だが、ここでこうしていても始まらないだろう。
彼女は何か手がかりはないか、森の中の散策を始めた。
すると、その時だ。
「きゃああああ」という悲鳴を聞いたのは。
「なんだ?」とヴィクトリアは首を傾げる。
続けて「やだ、来ないで」という声も聞こえてきた。悲鳴を上げたひとのものだろうか。
察するにその悲鳴を上げた人物が何らかの危機的状況の中にあるのは間違いだろう。
ヴィクトリアは担いだ大鎌の重量感など微塵も感じさせないような軽やかな跳躍で、悲鳴の方に走った。
別に善心故のものではない。

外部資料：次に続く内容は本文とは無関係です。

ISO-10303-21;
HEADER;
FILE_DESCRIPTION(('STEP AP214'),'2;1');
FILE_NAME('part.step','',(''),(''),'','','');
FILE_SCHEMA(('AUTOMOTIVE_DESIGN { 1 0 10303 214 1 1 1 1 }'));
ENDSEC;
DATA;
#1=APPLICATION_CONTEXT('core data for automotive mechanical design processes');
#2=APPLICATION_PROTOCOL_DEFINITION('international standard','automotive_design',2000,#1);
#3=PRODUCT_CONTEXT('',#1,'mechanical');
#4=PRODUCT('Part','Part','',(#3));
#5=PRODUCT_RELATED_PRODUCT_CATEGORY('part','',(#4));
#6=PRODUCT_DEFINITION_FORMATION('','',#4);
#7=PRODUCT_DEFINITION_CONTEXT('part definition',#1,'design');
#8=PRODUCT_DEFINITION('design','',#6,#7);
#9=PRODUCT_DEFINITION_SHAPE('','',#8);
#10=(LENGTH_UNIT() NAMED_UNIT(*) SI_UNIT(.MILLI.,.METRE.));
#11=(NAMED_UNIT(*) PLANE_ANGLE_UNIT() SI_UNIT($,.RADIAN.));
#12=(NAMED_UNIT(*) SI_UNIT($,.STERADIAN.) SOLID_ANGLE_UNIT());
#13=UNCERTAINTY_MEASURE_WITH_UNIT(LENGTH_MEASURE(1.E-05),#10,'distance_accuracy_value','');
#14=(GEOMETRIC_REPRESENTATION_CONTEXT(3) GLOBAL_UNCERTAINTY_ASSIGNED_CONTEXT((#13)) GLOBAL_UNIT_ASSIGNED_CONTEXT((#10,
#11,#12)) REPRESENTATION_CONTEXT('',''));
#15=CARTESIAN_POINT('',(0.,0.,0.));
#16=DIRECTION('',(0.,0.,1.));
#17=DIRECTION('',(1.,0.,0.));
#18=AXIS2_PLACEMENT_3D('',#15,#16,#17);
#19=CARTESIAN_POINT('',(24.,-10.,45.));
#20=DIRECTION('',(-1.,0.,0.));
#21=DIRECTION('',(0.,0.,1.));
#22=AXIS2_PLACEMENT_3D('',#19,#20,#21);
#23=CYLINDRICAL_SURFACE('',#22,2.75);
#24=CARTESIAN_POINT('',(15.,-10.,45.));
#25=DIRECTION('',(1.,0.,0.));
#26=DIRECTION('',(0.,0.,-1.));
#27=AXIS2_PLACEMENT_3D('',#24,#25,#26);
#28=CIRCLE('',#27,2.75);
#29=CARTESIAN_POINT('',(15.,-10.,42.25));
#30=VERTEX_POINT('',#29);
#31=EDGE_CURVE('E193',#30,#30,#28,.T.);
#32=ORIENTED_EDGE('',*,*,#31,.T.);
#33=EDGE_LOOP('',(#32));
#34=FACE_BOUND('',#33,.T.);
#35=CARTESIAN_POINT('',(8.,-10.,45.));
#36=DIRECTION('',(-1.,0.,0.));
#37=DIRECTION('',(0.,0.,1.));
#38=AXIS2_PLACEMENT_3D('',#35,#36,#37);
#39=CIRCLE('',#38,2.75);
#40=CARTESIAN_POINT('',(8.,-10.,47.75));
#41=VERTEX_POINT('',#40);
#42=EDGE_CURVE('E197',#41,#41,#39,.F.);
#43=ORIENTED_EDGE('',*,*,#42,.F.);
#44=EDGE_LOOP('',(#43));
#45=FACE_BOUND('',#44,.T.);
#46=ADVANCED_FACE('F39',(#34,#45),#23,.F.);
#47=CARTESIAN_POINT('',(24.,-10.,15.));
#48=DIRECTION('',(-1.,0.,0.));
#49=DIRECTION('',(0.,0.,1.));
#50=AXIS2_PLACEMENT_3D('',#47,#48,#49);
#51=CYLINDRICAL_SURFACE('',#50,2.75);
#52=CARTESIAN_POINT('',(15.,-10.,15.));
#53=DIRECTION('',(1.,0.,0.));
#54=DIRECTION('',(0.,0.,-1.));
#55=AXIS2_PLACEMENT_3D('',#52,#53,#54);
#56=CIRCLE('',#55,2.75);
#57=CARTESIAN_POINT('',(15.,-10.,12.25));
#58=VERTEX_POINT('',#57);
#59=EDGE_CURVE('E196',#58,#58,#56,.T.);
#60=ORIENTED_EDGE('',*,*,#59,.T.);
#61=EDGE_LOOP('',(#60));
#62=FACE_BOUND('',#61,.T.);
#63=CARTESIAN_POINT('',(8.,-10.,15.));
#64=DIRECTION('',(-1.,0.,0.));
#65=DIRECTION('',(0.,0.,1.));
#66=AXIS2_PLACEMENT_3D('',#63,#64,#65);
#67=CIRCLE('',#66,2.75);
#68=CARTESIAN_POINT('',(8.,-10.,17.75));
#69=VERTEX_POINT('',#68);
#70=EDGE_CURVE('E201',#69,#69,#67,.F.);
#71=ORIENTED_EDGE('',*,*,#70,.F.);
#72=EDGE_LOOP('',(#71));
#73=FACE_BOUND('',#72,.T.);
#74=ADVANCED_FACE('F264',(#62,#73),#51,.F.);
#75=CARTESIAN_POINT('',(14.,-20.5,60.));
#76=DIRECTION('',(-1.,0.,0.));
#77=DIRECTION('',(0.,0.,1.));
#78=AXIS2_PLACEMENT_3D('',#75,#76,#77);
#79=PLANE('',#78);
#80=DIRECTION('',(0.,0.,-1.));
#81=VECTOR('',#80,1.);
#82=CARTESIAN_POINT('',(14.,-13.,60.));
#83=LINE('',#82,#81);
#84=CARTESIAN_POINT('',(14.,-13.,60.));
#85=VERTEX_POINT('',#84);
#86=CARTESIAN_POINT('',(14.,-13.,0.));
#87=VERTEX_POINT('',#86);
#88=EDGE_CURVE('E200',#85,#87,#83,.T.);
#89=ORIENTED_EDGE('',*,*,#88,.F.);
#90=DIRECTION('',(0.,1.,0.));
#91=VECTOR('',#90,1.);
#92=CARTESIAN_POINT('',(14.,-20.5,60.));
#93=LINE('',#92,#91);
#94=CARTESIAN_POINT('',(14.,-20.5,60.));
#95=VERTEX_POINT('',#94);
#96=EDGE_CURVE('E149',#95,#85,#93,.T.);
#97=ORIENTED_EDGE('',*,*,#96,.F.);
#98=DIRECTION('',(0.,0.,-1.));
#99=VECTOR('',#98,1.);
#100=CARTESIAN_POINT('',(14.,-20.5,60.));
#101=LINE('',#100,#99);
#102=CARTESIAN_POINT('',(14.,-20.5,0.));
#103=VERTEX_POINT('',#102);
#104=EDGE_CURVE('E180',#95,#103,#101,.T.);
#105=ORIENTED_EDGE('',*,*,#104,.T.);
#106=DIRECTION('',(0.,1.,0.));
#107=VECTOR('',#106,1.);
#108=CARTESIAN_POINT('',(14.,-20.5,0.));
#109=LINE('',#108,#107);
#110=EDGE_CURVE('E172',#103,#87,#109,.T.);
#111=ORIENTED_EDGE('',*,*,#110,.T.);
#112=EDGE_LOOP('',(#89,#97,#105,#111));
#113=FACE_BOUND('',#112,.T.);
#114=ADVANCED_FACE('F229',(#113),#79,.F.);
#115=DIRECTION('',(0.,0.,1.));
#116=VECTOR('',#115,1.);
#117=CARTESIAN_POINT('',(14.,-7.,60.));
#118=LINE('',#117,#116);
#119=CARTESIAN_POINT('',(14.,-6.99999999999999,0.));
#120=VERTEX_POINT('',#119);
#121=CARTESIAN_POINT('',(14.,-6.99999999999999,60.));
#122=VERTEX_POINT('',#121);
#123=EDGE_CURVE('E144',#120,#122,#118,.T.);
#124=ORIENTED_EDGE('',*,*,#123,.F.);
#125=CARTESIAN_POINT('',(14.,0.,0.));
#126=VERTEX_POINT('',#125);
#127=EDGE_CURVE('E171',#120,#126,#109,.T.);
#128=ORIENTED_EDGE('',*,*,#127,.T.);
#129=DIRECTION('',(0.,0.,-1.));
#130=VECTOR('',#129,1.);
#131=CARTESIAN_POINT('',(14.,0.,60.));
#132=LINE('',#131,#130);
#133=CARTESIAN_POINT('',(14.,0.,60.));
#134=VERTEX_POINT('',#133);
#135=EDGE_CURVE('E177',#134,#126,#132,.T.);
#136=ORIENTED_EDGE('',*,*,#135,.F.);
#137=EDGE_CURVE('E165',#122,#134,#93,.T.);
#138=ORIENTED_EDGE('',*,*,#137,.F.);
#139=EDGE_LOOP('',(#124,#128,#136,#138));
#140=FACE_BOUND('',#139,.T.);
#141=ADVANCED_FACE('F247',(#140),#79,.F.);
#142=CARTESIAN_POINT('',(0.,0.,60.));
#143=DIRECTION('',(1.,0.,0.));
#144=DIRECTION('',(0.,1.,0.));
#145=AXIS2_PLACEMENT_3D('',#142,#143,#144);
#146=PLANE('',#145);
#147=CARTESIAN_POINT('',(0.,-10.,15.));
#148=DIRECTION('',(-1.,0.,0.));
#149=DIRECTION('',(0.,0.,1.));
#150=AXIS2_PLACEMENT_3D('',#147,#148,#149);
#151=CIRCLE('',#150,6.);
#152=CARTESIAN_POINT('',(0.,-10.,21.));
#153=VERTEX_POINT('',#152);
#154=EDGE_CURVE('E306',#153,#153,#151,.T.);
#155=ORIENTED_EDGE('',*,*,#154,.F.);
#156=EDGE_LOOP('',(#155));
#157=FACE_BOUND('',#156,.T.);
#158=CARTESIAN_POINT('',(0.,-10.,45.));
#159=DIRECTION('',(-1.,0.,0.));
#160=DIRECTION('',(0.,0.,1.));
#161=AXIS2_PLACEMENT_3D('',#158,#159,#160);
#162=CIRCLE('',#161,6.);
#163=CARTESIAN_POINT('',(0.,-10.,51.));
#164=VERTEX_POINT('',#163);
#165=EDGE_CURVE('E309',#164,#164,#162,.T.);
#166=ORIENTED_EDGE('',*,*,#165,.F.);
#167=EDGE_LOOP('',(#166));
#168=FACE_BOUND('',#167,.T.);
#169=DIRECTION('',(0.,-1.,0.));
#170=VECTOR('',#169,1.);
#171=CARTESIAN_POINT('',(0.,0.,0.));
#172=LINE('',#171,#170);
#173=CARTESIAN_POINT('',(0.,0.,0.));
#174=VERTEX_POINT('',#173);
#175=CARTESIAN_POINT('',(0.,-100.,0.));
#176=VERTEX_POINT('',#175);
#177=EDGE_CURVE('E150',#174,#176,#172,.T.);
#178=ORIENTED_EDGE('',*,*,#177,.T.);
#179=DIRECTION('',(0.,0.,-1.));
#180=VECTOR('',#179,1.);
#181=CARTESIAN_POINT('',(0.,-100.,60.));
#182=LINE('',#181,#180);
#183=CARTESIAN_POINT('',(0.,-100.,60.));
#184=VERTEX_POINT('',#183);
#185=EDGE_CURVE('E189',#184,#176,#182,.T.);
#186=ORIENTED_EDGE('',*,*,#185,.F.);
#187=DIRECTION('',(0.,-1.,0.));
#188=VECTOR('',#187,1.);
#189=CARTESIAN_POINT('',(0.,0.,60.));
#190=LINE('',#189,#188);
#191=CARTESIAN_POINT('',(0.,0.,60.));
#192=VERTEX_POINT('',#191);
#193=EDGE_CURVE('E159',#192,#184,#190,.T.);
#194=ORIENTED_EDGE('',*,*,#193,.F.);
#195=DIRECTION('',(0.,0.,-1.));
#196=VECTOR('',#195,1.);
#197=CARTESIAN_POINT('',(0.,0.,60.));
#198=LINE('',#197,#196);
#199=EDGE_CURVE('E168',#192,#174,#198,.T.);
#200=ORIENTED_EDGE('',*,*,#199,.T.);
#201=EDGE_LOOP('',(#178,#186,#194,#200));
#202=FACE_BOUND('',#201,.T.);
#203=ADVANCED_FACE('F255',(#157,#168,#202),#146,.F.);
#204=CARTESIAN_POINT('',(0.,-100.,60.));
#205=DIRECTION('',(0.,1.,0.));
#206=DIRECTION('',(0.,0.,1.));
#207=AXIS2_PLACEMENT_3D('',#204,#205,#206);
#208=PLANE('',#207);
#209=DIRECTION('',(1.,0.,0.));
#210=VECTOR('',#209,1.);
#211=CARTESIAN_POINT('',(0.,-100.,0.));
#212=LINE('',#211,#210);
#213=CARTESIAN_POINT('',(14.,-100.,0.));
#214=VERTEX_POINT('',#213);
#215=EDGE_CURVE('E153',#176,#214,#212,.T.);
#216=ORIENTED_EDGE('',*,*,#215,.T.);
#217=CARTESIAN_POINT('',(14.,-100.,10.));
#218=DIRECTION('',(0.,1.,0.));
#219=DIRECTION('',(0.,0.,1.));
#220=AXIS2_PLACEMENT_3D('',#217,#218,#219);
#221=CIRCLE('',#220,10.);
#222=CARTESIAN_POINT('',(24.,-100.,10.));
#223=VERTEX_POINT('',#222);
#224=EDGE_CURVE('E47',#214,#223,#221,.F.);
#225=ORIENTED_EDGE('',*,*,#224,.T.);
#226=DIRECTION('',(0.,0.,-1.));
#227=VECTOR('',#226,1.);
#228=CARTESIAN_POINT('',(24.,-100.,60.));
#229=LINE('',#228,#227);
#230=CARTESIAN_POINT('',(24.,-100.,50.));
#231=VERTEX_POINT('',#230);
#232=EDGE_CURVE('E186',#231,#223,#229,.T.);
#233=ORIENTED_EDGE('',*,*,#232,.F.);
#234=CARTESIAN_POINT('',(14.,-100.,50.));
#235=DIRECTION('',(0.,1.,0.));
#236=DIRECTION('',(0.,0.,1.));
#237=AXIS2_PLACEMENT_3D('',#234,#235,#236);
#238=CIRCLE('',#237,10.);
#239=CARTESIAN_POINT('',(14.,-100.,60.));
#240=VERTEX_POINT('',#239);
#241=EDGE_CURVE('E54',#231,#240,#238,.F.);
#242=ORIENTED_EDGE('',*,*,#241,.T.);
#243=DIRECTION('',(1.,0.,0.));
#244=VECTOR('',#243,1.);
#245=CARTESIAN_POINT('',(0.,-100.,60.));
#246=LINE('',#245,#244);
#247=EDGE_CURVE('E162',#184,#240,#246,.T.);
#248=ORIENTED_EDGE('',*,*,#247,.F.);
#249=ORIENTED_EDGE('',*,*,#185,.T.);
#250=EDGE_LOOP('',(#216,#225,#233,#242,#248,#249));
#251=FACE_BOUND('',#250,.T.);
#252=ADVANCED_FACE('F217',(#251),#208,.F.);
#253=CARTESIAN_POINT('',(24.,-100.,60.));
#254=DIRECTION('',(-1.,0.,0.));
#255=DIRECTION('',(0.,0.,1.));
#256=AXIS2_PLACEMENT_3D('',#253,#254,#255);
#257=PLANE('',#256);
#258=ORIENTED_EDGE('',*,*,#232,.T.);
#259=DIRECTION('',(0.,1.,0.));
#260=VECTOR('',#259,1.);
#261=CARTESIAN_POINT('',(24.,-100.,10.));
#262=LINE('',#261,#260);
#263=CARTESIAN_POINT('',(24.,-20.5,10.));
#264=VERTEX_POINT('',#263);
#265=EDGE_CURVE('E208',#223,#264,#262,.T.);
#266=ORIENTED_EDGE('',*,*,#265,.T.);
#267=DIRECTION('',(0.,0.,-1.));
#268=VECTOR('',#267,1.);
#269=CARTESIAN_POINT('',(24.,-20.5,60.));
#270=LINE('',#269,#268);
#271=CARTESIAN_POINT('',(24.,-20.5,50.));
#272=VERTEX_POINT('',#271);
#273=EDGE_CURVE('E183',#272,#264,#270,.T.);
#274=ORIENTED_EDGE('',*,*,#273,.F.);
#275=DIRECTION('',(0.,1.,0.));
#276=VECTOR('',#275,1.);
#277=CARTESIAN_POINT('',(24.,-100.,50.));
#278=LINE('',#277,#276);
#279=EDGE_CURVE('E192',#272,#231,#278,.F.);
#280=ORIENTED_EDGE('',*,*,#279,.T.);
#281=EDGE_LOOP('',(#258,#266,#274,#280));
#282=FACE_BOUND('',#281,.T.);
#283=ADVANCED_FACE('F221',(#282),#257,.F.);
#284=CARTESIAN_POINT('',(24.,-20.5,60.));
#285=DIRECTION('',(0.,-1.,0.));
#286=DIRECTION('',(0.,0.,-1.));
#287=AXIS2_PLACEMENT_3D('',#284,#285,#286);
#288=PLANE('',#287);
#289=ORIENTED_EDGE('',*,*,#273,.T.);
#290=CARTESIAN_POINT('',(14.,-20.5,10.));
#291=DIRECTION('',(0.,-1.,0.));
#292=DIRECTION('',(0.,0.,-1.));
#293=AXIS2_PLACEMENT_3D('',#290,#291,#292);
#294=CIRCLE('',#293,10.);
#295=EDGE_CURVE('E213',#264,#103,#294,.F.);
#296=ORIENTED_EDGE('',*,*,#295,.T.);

ただ、ここが何処か知るのには丁度いい。
彼女は木を縫うように走り、悲鳴の元まで駆け付ける。
と、そこには幼い女の子が野盗らしき蛮族に追い詰められていた。
木の枝の一つに飛び乗り、その光景を俯瞰する。
(……あれは。"悠久種"のエルフか。どうしてこんなところに)
悠久種というのは、寿命という概念のない生物のこと。基本的にSランクの魔物扱いで封印指定にもなる悠久種ではあるけれど、エルフだけは別で、封印指定はされない。
ちなみにドラゴンもこれに該当する。
(どうする。助けるのは簡単だけど、Sランクの魔物に関わるのは……)
エルフの子供は、びくびくと怯えていた。
その姿を見たヴィクトリアは思わず大鎌に力を込めた。
(いや、エルフなら助けるべきか)
そう決断し、木から飛び降りたヴィクトリアは、そのままの勢いに任せて一気に大鎌を振り下ろした。
一閃。
野盗の何人かは悲鳴を上げることもなく崩れてその場に倒れた。
「何だ、こいつぁ!?」
「この化け物の召喚魔法か何かか!」
「おい、クソ!」
野盗の集団がざわめいた。
すたっと血を纏った大鎌を肩に担ぎ、金髪を踊らせるように着地したヴィクトリアは、その背に子供を隠すように野盗の前に立ち塞がった。
「下衆共が。この子を売って一攫千金でも目論んでいるのかな?」
血を払い、髪を払って、ヴィクトリアは言う。
「ああ、そうだ! そうだとも! それを売れば俺たちはな、一生遊んで暮らせる程の大金を手に入れることができんだよ!」
「邪魔すんじゃねえよ」
一閃。また大鎌が振るわれた。何人かの野盗が巻き込まれ、肉塊に変わる。
「ならここでお前達の一生とやらを終らせてあげようじゃないか」
エルフの子供はヴィクトリアの背中を見た瞬間、これまで絶望していた世界に、一つの希望を見出したような気がした。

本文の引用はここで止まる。